Task requirements -
Only the lines from the top of the listing below through the line containing "floor to 71844c30d3580f17_F0_dwelling_1" should be output, exactly and with no pictures.
────
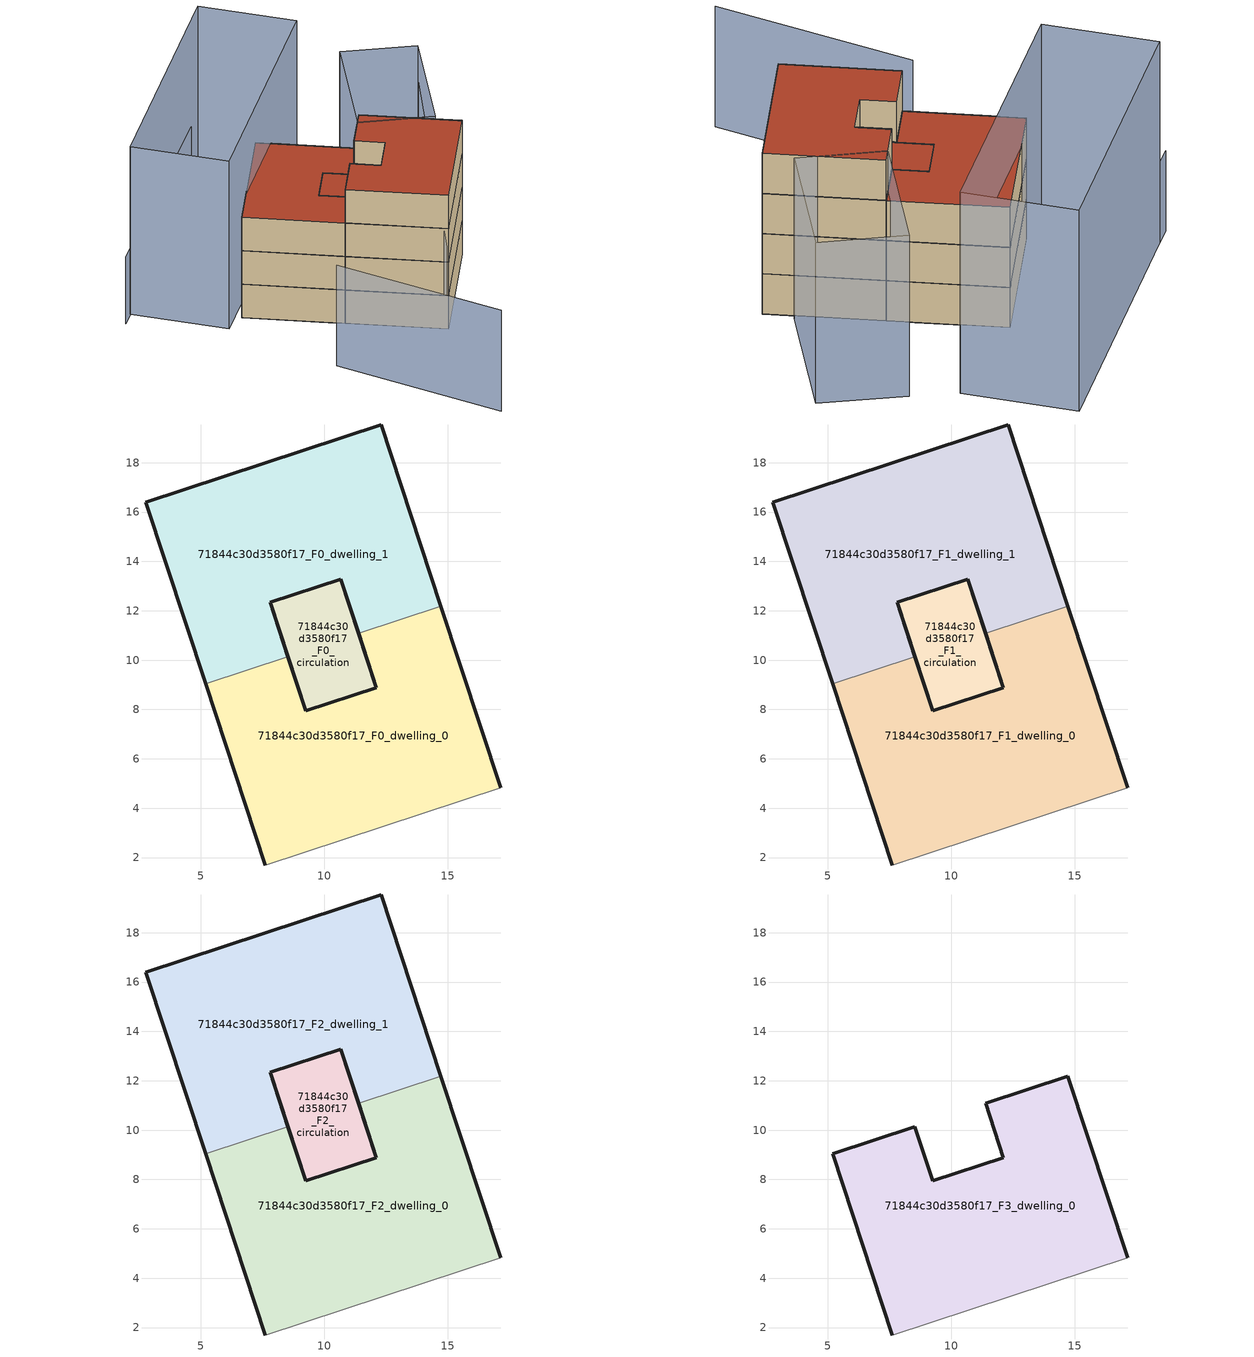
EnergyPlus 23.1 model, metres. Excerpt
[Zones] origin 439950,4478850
71844c30d3580f17_F0_dwelling_0
 floor ground (EU_floor_Construction): 17.14,4.84 14.72,12.18 11.39,11.08 12.11,8.88 9.25,7.94 8.53,10.14 5.19,9.04 7.6,1.7 z0
 wall outside (EU_wall_Construction): 7.6,1.7 5.19,9.04 / 8.53,10.14 9.25,7.94 12.11,8.88 11.39,11.08 / 14.72,12.18 17.14,4.84 z0:3
 wall adiabatic (EU_wall_Construction): 17.14,4.84 7.6,1.7 z0:3
 wall to 71844c30d3580f17_F0_dwelling_1 (EU_wall_Construction): 5.19,9.04 8.52,10.14 / 11.39,11.08 14.72,12.18 z0:3
71844c30d3580f17_F0_dwelling_1
 floor ground (EU_floor_Construction): 14.72,12.18 12.31,19.53 2.77,16.39 5.19,9.04 8.53,10.14 7.8,12.34 10.66,13.29 11.39,11.08 z0
 wall outside (EU_wall_Construction): 11.39,11.08 10.66,13.29 7.8,12.34 8.53,10.14 / 5.19,9.04 2.77,16.39 12.31,19.53 14.72,12.18 z0:3
71844c30d3580f17_F0_circulation
 floor ground (EU_floor_Construction): 12.11,8.88 10.66,13.29 7.8,12.34 9.25,7.94 z0
 wall outside (EU_wall_Construction): 9.25,7.94 7.8,12.34 10.66,13.29 12.11,8.88 9.25,7.94 z0:3
71844c30d3580f17_F1_dwelling_0
 floor to 71844c30d3580f17_F0_dwelling_0 (EU_floor_Construction): 17.14,4.84 14.72,12.18 11.39,11.08 12.11,8.88 9.25,7.94 8.52,10.14 5.19,9.04 7.6,1.7 z3
 wall outside (EU_wall_Construction): 7.6,1.7 5.19,9.04 / 8.53,10.14 9.25,7.94 12.11,8.88 11.39,11.08 / 14.72,12.18 17.14,4.84 z3:6
 wall adiabatic (EU_wall_Construction): 17.14,4.84 7.6,1.7 z3:6
 wall to 71844c30d3580f17_F1_dwelling_1 (EU_wall_Construction): 5.19,9.04 8.52,10.14 / 11.39,11.08 14.72,12.18 z3:6
71844c30d3580f17_F1_dwelling_1
 floor to 71844c30d3580f17_F0_dwelling_1 (EU_floor_Construction): 14.72,12.18 12.31,19.53 2.77,16.39 5.19,9.04 8.52,10.14 7.8,12.34 10.66,13.29 11.39,11.08 z3
 wall outside (EU_wall_Construction): 11.39,11.08 10.66,13.29 7.8,12.34 8.53,10.14 / 5.19,9.04 2.77,16.39 12.31,19.53 14.72,12.18 z3:6
71844c30d3580f17_F1_circulation
 floor to 71844c30d3580f17_F0_circulation (EU_floor_Construction): 12.11,8.88 10.66,13.29 7.8,12.34 9.25,7.94 z3
 wall outside (EU_wall_Construction): 9.25,7.94 7.8,12.34 10.66,13.29 12.11,8.88 9.25,7.94 z3:6
71844c30d3580f17_F2_dwelling_0
 floor to 71844c30d3580f17_F1_dwelling_0 (EU_floor_Construction): 17.14,4.84 14.72,12.18 11.39,11.08 12.11,8.88 9.25,7.94 8.52,10.14 5.19,9.04 7.6,1.7 z6
 wall outside (EU_wall_Construction): 7.6,1.7 5.19,9.04 / 8.53,10.14 9.25,7.94 12.11,8.88 11.39,11.08 / 14.72,12.18 17.14,4.84 z6:9
 wall adiabatic (EU_wall_Construction): 17.14,4.84 7.6,1.7 z6:9
 wall to 71844c30d3580f17_F2_dwelling_1 (EU_wall_Construction): 5.19,9.04 8.52,10.14 / 11.39,11.08 14.72,12.18 z6:9
71844c30d3580f17_F2_dwelling_1
 floor to 71844c30d3580f17_F1_dwelling_1 (EU_floor_Construction): 14.72,12.18 12.31,19.53 2.77,16.39 5.19,9.04 8.52,10.14 7.8,12.34 10.66,13.29 11.39,11.08 z6
 wall outside (EU_wall_Construction): 11.39,11.08 10.66,13.29 7.8,12.34 8.53,10.14 / 5.19,9.04 2.77,16.39 12.31,19.53 14.72,12.18 z6:9
 roof outside (EU_roof_Construction): 12.31,19.53 14.72,12.18 11.39,11.08 10.66,13.29 7.8,12.34 8.53,10.14 5.19,9.04 2.77,16.39 z9
71844c30d3580f17_F2_circulation
 floor to 71844c30d3580f17_F1_circulation (EU_floor_Construction): 12.11,8.88 10.66,13.29 7.8,12.34 9.25,7.94 z6
 wall outside (EU_wall_Construction): 9.25,7.94 7.8,12.34 10.66,13.29 12.11,8.88 9.25,7.94 z6:9
 roof outside (EU_roof_Construction): 10.66,13.29 12.11,8.88 9.25,7.94 7.8,12.34 z9
71844c30d3580f17_F3_dwelling_0
 floor to 71844c30d3580f17_F2_dwelling_0 (EU_floor_Construction): 17.14,4.84 14.72,12.18 11.39,11.08 12.11,8.88 9.25,7.94 8.52,10.14 5.19,9.04 7.6,1.7 z9
 wall outside (EU_wall_Construction): 7.6,1.7 5.19,9.04 8.53,10.14 9.25,7.94 12.11,8.88 11.39,11.08 14.72,12.18 17.14,4.84 z9:12
 wall adiabatic (EU_wall_Construction): 17.14,4.84 7.6,1.7 z9:12
 roof outside (EU_roof_Construction): 14.72,12.18 17.14,4.84 7.6,1.7 5.19,9.04 8.53,10.14 9.25,7.94 12.11,8.88 11.39,11.08 z12
shading: -0.23,7.34 -0.76,-6.29 / 5.34,0.84 24.64,11.75 z0:9; 24.89,11.9 16.83,6.87 / 16.83,6.87 13.73,11.84 / 13.73,11.84 21.79,16.87 / 21.79,16.87 24.89,11.9 z0:12; 20.22,19.65 1.05,16.63 / 1.05,16.63 -0.13,24.15 / -0.13,24.15 19.03,27.17 / 19.03,27.17 20.22,19.65 z0:15; 16.4,26.52 -1.44,23.96 z0:6
[Building]
EU S2 Campaign: North Axis=0; Terrain=City; Solar Distribution=FullExterior
[Site:Location]
Madrid: Latitude=40.5; Longitude=-3.5; Time Zone=1; Elevation=609
[SizingPeriod:WeatherFileDays]
AnnualSizingPeriod: Begin Month=1; Begin Day of Month=1; End Month=12; End Day of Month=31; Day of Week for Start Day=Monday; Use Weather File Daylight Saving Period=No; Use Weather File Rain and Snow Indicators=No
[MATERIAL]
EU_InternalMass_Material: Roughness=MediumRough; Thickness=0.1; Conductivity=1; Density=1800; Specific Heat=900; Thermal Absorptance=0.9; Solar Absorptance=0.7; Visible Absorptance=0.7
[MATERIAL:NOMASS] Roughness=MediumRough; Thermal Absorptance=0.9; Solar Absorptance=0.7; Visible Absorptance=0.7
Name | Thermal Resistance
EU_wall_NoMass | 1.60022
EU_roof_NoMass | 1.57597
EU_floor_NoMass | 0.470652
[CONSTRUCTION]
EU_wall_Construction: EU_wall_NoMass
EU_roof_Construction: EU_roof_NoMass
EU_floor_Construction: EU_floor_NoMass
EU_InternalMass_Construction: EU_InternalMass_Material
[ZONE] Type=1; Multiplier=1; Ceiling Height=autocalculate; Floor Area=autocalculate; Part of Total Floor Area=Yes
Name | Volume
71844c30d3580f17_F0_dwelling_0 | 211.974
71844c30d3580f17_F1_dwelling_0; 71844c30d3580f17_F2_dwelling_0; 71844c30d3580f17_F3_dwelling_0; 71844c30d3580f17_F0_dwelling_1; 71844c30d3580f17_F1_dwelling_1; 71844c30d3580f17_F2_dwelling_1 | 211.975
71844c30d3580f17_F0_circulation | 41.9183
71844c30d3580f17_F1_circulation; 71844c30d3580f17_F2_circulation | 41.9187
[INTERNALMASS] Construction=EU_InternalMass_Construction
Name | Zone or ZoneList | Surface Area
71844c30d3580f17_F0_dwelling_0_EU_InternalMass | 71844c30d3580f17_F0_dwelling_0 | 70.6583
71844c30d3580f17_F0_dwelling_1_EU_InternalMass | 71844c30d3580f17_F0_dwelling_1 | 70.6583
71844c30d3580f17_F1_dwelling_0_EU_InternalMass | 71844c30d3580f17_F1_dwelling_0 | 70.6583
71844c30d3580f17_F1_dwelling_1_EU_InternalMass | 71844c30d3580f17_F1_dwelling_1 | 70.6583
71844c30d3580f17_F2_dwelling_0_EU_InternalMass | 71844c30d3580f17_F2_dwelling_0 | 70.6583
71844c30d3580f17_F2_dwelling_1_EU_InternalMass | 71844c30d3580f17_F2_dwelling_1 | 70.6583
71844c30d3580f17_F3_dwelling_0_EU_InternalMass | 71844c30d3580f17_F3_dwelling_0 | 155.247
[OTHEREQUIPMENT] Fuel Type=Electricity; Design Level Calculation Method=Watts/Area; Power per Zone Floor Area=1; Fraction Latent=0; Fraction Radiant=0; Fraction Lost=0; Carbon Dioxide Generation Rate=0; EndUse Subcategory=EU_Step8_InternalGains
Name | Zone or ZoneList or Space or SpaceList | Schedule
EU_Step8_InternalGain_71844c30d3580f17_F0_dwelling_0_f000 | 71844c30d3580f17_F0_dwelling_0 | EU_Step8_GainSchedule_71844c30d3580f17_F0_dwelling_0_f000
EU_Step8_InternalGain_71844c30d3580f17_F0_dwelling_1_f000 | 71844c30d3580f17_F0_dwelling_1 | EU_Step8_GainSchedule_71844c30d3580f17_F0_dwelling_1_f000
EU_Step8_InternalGain_71844c30d3580f17_F1_dwelling_0_f000 | 71844c30d3580f17_F1_dwelling_0 | EU_Step8_GainSchedule_71844c30d3580f17_F1_dwelling_0_f000
EU_Step8_InternalGain_71844c30d3580f17_F1_dwelling_1_f000 | 71844c30d3580f17_F1_dwelling_1 | EU_Step8_GainSchedule_71844c30d3580f17_F1_dwelling_1_f000
EU_Step8_InternalGain_71844c30d3580f17_F2_dwelling_0_f000 | 71844c30d3580f17_F2_dwelling_0 | EU_Step8_GainSchedule_71844c30d3580f17_F2_dwelling_0_f000
EU_Step8_InternalGain_71844c30d3580f17_F2_dwelling_1_f000 | 71844c30d3580f17_F2_dwelling_1 | EU_Step8_GainSchedule_71844c30d3580f17_F2_dwelling_1_f000
EU_Step8_InternalGain_71844c30d3580f17_F3_dwelling_0_f000 | 71844c30d3580f17_F3_dwelling_0 | EU_Step8_GainSchedule_71844c30d3580f17_F3_dwelling_0_f000
[ZONEINFILTRATION:DESIGNFLOWRATE] Schedule=EU_AlwaysOn; Design Flow Rate Calculation Method=Flow/Area; Flow Rate per Floor Area=0.0005; Constant Term Coefficient=1; Temperature Term Coefficient=0; Velocity Term Coefficient=0; Velocity Squared Term Coefficient=0
Name | Zone or ZoneList or Space or SpaceList
EU_Circulation_Infiltration_71844c30d3580f17_F0_circulation | 71844c30d3580f17_F0_circulation
EU_Circulation_Infiltration_71844c30d3580f17_F1_circulation | 71844c30d3580f17_F1_circulation
EU_Circulation_Infiltration_71844c30d3580f17_F2_circulation | 71844c30d3580f17_F2_circulation
[ZONEVENTILATION:DESIGNFLOWRATE] Schedule=EU_AlwaysOn; Design Flow Rate Calculation Method=AirChanges/Hour; Air Changes per Hour=0.480704; Ventilation Type=Natural; Fan Pressure Rise=0; Fan Total Efficiency=1; Constant Term Coefficient=1; Temperature Term Coefficient=0; Velocity Term Coefficient=0; Velocity Squared Term Coefficient=0; Minimum Indoor Temperature=-100; Maximum Indoor Temperature=100; Delta Temperature=-100; Minimum Outdoor Temperature=-100; Maximum Outdoor Temperature=100; Maximum Wind Speed=40
Name | Zone or ZoneList or Space or SpaceList
EU_ConstantAir_71844c30d3580f17_F0_dwelling_0 | 71844c30d3580f17_F0_dwelling_0
EU_ConstantAir_71844c30d3580f17_F0_dwelling_1 | 71844c30d3580f17_F0_dwelling_1
EU_ConstantAir_71844c30d3580f17_F1_dwelling_0 | 71844c30d3580f17_F1_dwelling_0
EU_ConstantAir_71844c30d3580f17_F1_dwelling_1 | 71844c30d3580f17_F1_dwelling_1
EU_ConstantAir_71844c30d3580f17_F2_dwelling_0 | 71844c30d3580f17_F2_dwelling_0
EU_ConstantAir_71844c30d3580f17_F2_dwelling_1 | 71844c30d3580f17_F2_dwelling_1
EU_ConstantAir_71844c30d3580f17_F3_dwelling_0 | 71844c30d3580f17_F3_dwelling_0
[HVACTEMPLATE:THERMOSTAT] Constant Heating Setpoint=20; Constant Cooling Setpoint=50
EU_HeatOnly_71844c30d3580f17_F0_dwelling_0; EU_HeatOnly_71844c30d3580f17_F0_dwelling_1; EU_HeatOnly_71844c30d3580f17_F1_dwelling_0; EU_HeatOnly_71844c30d3580f17_F1_dwelling_1; EU_HeatOnly_71844c30d3580f17_F2_dwelling_0; EU_HeatOnly_71844c30d3580f17_F2_dwelling_1; EU_HeatOnly_71844c30d3580f17_F3_dwelling_0
[HVACTEMPLATE:ZONE:IDEALLOADSAIRSYSTEM] System Availability Schedule=EU_AlwaysOn; Maximum Heating Supply Air Temperature=50; Minimum Cooling Supply Air Temperature=13; Maximum Heating Supply Air Humidity Ratio=0.0156; Minimum Cooling Supply Air Humidity Ratio=0.0077; Heating Limit=NoLimit; Cooling Limit=NoLimit; Heating Availability Schedule=EU_AlwaysOn; Cooling Availability Schedule=EU_CoolingOff; Dehumidification Control Type=ConstantSensibleHeatRatio; Cooling Sensible Heat Ratio=0.7; Dehumidification Setpoint=60; Humidification Control Type=None; Humidification Setpoint=30; Outdoor Air Method=None; Outdoor Air Flow Rate per Person=0.00944; Outdoor Air Flow Rate per Zone Floor Area=0; Outdoor Air Flow Rate per Zone=0; Demand Controlled Ventilation Type=None; Outdoor Air Economizer Type=NoEconomizer; Heat Recovery Type=None; Sensible Heat Recovery Effectiveness=0.7; Latent Heat Recovery Effectiveness=0.65
Name | Template Thermostat
71844c30d3580f17_F0_dwelling_0 | EU_HeatOnly_71844c30d3580f17_F0_dwelling_0
71844c30d3580f17_F0_dwelling_1 | EU_HeatOnly_71844c30d3580f17_F0_dwelling_1
71844c30d3580f17_F1_dwelling_0 | EU_HeatOnly_71844c30d3580f17_F1_dwelling_0
71844c30d3580f17_F1_dwelling_1 | EU_HeatOnly_71844c30d3580f17_F1_dwelling_1
71844c30d3580f17_F2_dwelling_0 | EU_HeatOnly_71844c30d3580f17_F2_dwelling_0
71844c30d3580f17_F2_dwelling_1 | EU_HeatOnly_71844c30d3580f17_F2_dwelling_1
71844c30d3580f17_F3_dwelling_0 | EU_HeatOnly_71844c30d3580f17_F3_dwelling_0
[SIZING:ZONE] Zone Cooling Design Supply Air Temperature Input Method=SupplyAirTemperature; Zone Cooling Design Supply Air Temperature=13; Zone Heating Design Supply Air Temperature Input Method=SupplyAirTemperature; Zone Heating Design Supply Air Temperature=50; Zone Cooling Design Supply Air Humidity Ratio=0.008; Zone Heating Design Supply Air Humidity Ratio=0.008; Cooling Design Air Flow Method=DesignDay; Cooling Design Air Flow Rate=0; Cooling Minimum Air Flow per Zone Floor Area=0.000762; Cooling Minimum Air Flow=0; Cooling Minimum Air Flow Fraction=0.2; Heating Design Air Flow Method=DesignDay; Heating Design Air Flow Rate=0; Heating Maximum Air Flow per Zone Floor Area=0.002032; Heating Maximum Air Flow=0.141576; Heating Maximum Air Flow Fraction=0.3; Account for Dedicated Outdoor Air System=No; Dedicated Outdoor Air System Control Strategy=NeutralSupplyAir; Dedicated Outdoor Air Low Setpoint Temperature for Design=autosize; Dedicated Outdoor Air High Setpoint Temperature for Design=autosize; Zone Load Sizing Method=Sensible Load Only No Latent Load; Zone Latent Cooling Design Supply Air Humidity Ratio Input Method=HumidityRatioDifference; Zone Cooling Design Supply Air Humidity Ratio Difference=0.005; Zone Latent Heating Design Supply Air Humidity Ratio Input Method=HumidityRatioDifference; Zone Humidification Design Supply Air Humidity Ratio Difference=0.005
71844c30d3580f17_F0_dwelling_0; 71844c30d3580f17_F0_dwelling_1; 71844c30d3580f17_F1_dwelling_0; 71844c30d3580f17_F1_dwelling_1; 71844c30d3580f17_F2_dwelling_0; 71844c30d3580f17_F2_dwelling_1; 71844c30d3580f17_F3_dwelling_0
[SCHEDULE:CONSTANT]
Name | Hourly Value
EU_AlwaysOn | 1
EU_CoolingOff | 0
[SCHEDULE:FILE] Column Number=1; Rows to Skip at Top=0; Number of Hours of Data=8760; Column Separator=Comma; Interpolate to Timestep=No; Minutes per Item=60; Adjust Schedule for Daylight Savings=Yes
Name | File
EU_Step8_GainSchedule_71844c30d3580f17_F0_dwelling_0_f000 | ../../schedules/71844c30d3580f17/71844c30d3580f17_F0_dwelling_0_f000_gain.csv
EU_Step8_GainSchedule_71844c30d3580f17_F0_dwelling_1_f000 | ../../schedules/71844c30d3580f17/71844c30d3580f17_F0_dwelling_1_f000_gain.csv
EU_Step8_GainSchedule_71844c30d3580f17_F1_dwelling_0_f000 | ../../schedules/71844c30d3580f17/71844c30d3580f17_F1_dwelling_0_f000_gain.csv
EU_Step8_GainSchedule_71844c30d3580f17_F1_dwelling_1_f000 | ../../schedules/71844c30d3580f17/71844c30d3580f17_F1_dwelling_1_f000_gain.csv
EU_Step8_GainSchedule_71844c30d3580f17_F2_dwelling_0_f000 | ../../schedules/71844c30d3580f17/71844c30d3580f17_F2_dwelling_0_f000_gain.csv
EU_Step8_GainSchedule_71844c30d3580f17_F2_dwelling_1_f000 | ../../schedules/71844c30d3580f17/71844c30d3580f17_F2_dwelling_1_f000_gain.csv
EU_Step8_GainSchedule_71844c30d3580f17_F3_dwelling_0_f000 | ../../schedules/71844c30d3580f17/71844c30d3580f17_F3_dwelling_0_f000_gain.csv
────
Task response -
EnergyPlus 23.1 model, metres. Excerpt
[Zones] origin 439950,4478850
71844c30d3580f17_F0_dwelling_0
 floor ground (EU_floor_Construction): 17.14,4.84 14.72,12.18 11.39,11.08 12.11,8.88 9.25,7.94 8.53,10.14 5.19,9.04 7.6,1.7 z0
 wall outside (EU_wall_Construction): 7.6,1.7 5.19,9.04 / 8.53,10.14 9.25,7.94 12.11,8.88 11.39,11.08 / 14.72,12.18 17.14,4.84 z0:3
 wall adiabatic (EU_wall_Construction): 17.14,4.84 7.6,1.7 z0:3
 wall to 71844c30d3580f17_F0_dwelling_1 (EU_wall_Construction): 5.19,9.04 8.52,10.14 / 11.39,11.08 14.72,12.18 z0:3
71844c30d3580f17_F0_dwelling_1
 floor ground (EU_floor_Construction): 14.72,12.18 12.31,19.53 2.77,16.39 5.19,9.04 8.53,10.14 7.8,12.34 10.66,13.29 11.39,11.08 z0
 wall outside (EU_wall_Construction): 11.39,11.08 10.66,13.29 7.8,12.34 8.53,10.14 / 5.19,9.04 2.77,16.39 12.31,19.53 14.72,12.18 z0:3
71844c30d3580f17_F0_circulation
 floor ground (EU_floor_Construction): 12.11,8.88 10.66,13.29 7.8,12.34 9.25,7.94 z0
 wall outside (EU_wall_Construction): 9.25,7.94 7.8,12.34 10.66,13.29 12.11,8.88 9.25,7.94 z0:3
71844c30d3580f17_F1_dwelling_0
 floor to 71844c30d3580f17_F0_dwelling_0 (EU_floor_Construction): 17.14,4.84 14.72,12.18 11.39,11.08 12.11,8.88 9.25,7.94 8.52,10.14 5.19,9.04 7.6,1.7 z3
 wall outside (EU_wall_Construction): 7.6,1.7 5.19,9.04 / 8.53,10.14 9.25,7.94 12.11,8.88 11.39,11.08 / 14.72,12.18 17.14,4.84 z3:6
 wall adiabatic (EU_wall_Construction): 17.14,4.84 7.6,1.7 z3:6
 wall to 71844c30d3580f17_F1_dwelling_1 (EU_wall_Construction): 5.19,9.04 8.52,10.14 / 11.39,11.08 14.72,12.18 z3:6
71844c30d3580f17_F1_dwelling_1
 floor to 71844c30d3580f17_F0_dwelling_1 (EU_floor_Construction): 14.72,12.18 12.31,19.53 2.77,16.39 5.19,9.04 8.52,10.14 7.8,12.34 10.66,13.29 11.39,11.08 z3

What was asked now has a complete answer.